Correr y correr y correr y correr

Podría comenzar contando una historia distinta pero no es esa la intención del blog (al menos de este). 
Me siento mal. 
Llevo días, tal vez un par de meses sintiéndome así. 
Y un profesor de la universidad que padeció una depresión severa recordó que esta es la fecha límite para la gente con depresión endógena. El comienzo de la primavera.

Más allá de googlear el término es posible que sea más efectivo sentirse como las pelotas para saber que algo anda realmente mal. 
Estoy nerviosa y no tengo motivos. Llevo un semestre pasando a duras penas los periodos de evaluación y pese a que no me ha ido mal, estoy a punto de colapsar como si fuera la peor estudiante del universo. 

Describir cómo me siento no está funcionando. 

Las personas han vuelto a molestarme en demasía.

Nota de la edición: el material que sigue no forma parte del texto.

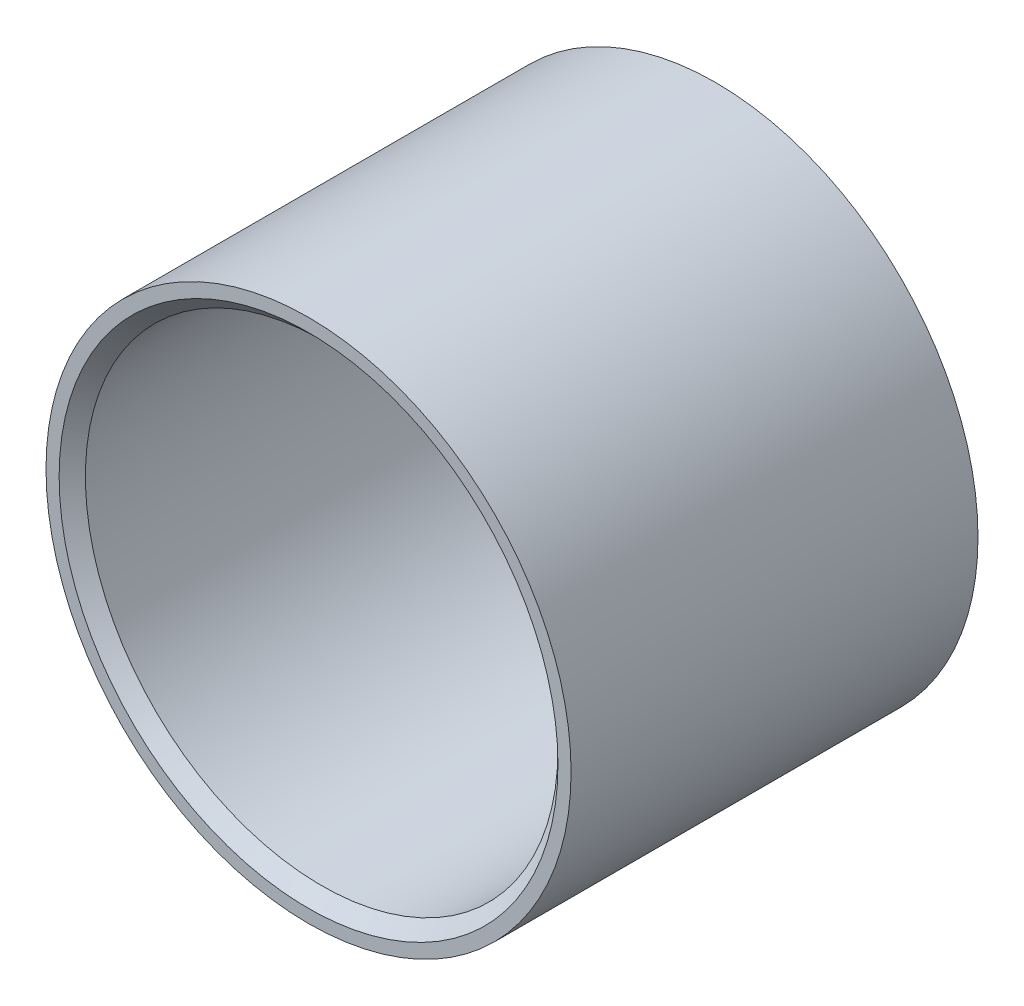
SolidWorks part; units mm, degrees
ref_plane "Front Plane" through (0, 0, 0) normal (0, 0, 1) x (1, 0, 0)
ref_plane "Top Plane" through (0, 0, 0) normal (0, 1, 0) x (1, 0, 0)
ref_plane "Right Plane" through (0, 0, 0) normal (1, 0, 0) x (0, 0, -1)
sketch "Sketch1" plane through (0, 0, 0) normal (0, 0, 1) x (1, 0, 0)
  circle A0 centre (0, 0) radius 9
  circle A2 centre (0, 0) radius 10
  dimension "D1" = 18
  dimension "D2" = 1
extrude "Boss-Extrude1" add sketch "Sketch1" along normal blind 15.5
chamfer "Chamfer1" distance 0.5 angle 45 2 edges at (9, 0, 0) (9, 0, 15.5)
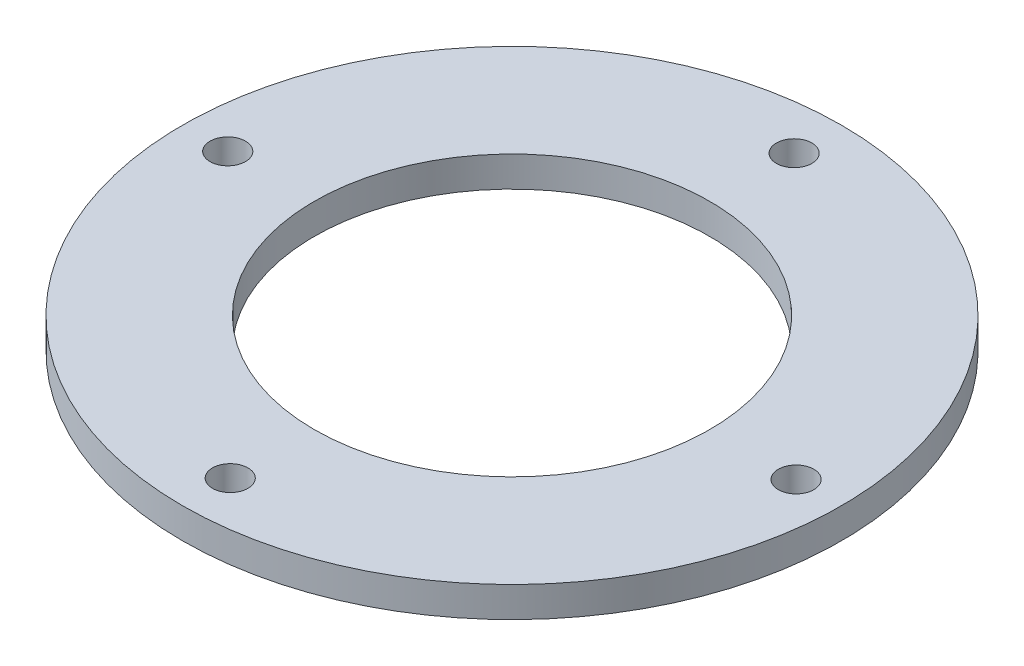
SolidWorks part; units mm, degrees
ref_plane "Front Plane" through (0, 0, 0) normal (0, 0, 1) x (1, 0, 0)
ref_plane "Top Plane" through (0, 0, 0) normal (0, 1, 0) x (1, 0, 0)
ref_plane "Right Plane" through (0, 0, 0) normal (1, 0, 0) x (0, 0, -1)
sketch "Sketch1" plane through (0, 0, 0) normal (0, 1, 0) x (1, 0, 0)
  circle A0 centre (0, 0) radius 32.5
  circle A1 centre (0, 0) radius 19.5
  dimension "D1" = 65
  dimension "D2" = 39
extrude "Boss-Extrude2" add sketch "Sketch1" along normal blind 3
sketch "Sketch2" plane through (0, 3, 0) normal (0, 1, 0) x (1, 0, 0)
  circle A0 centre (0, -27.7889) radius 1.75
  dimension "D1" = 3.5
extrude "Cut-Extrude2" cut sketch "Sketch2" against normal through all both and the other way through all
sketch "Sketch5" plane through (0, 3, 0) normal (0, 1, 0) x (1, 0, 0)
  line L0 (0, 32.5) -> (0, 29.79)
  circle A0 centre (0.0578, 27.7663) radius 1.75
  circle A1 centre (0, 0) radius 32.5 construction
  dimension "D1" = 3.5
  dimension "D2" = 2.71
extrude "Cut-Extrude4" cut sketch "Sketch5" against normal through all both and the other way through all contours A0
sketch "Sketch13" plane through (0, 3, 0) normal (0, 1, 0) x (1, 0, 0)
  line L0 (-32.5, 0) -> (-29.79, 0)
  line L1 (32.5, 0) -> (29.79, 0)
  circle A0 centre (0, 0) radius 32.5 construction
  circle A1 centre (-28.0274, -0.004) radius 1.75
  circle A2 centre (28.0162, 0) radius 1.75
  dimension "D3" = 3.5
  dimension "D4" = 3.5
  dimension "D1" = 2.71
  dimension "D2" = 2.71
extrude "Cut-Extrude12" cut sketch "Sketch13" against normal through all both and the other way through all contours A1 | A2

Y ya no sé si llamar a eso ser simplemente poco sociable, asocial, etc. o pararme en el extremo y decir que no soporto a las personas en realidad. No soporto a las personas que quieren relacionarse conmigo. No deberían cruzar los muros. No deberían persistir en acompañar a alguien que está más cómodo sin alguien al lado. 

¿Qué será? 

Los loqueros saben (o creen saber) qué es, pero me niego a encasillarme. Nada que proviene de ahí ha dado resultado. 
Y he tratado y he logrado "salir", pero por alguna razón siempre, siempre vuelvo a entrar. 

El punto tal vez es el querer salir... y ahora quiero salir, por eso estoy alarmada. 
Literalmente alarmada. A punto de salir corriendo.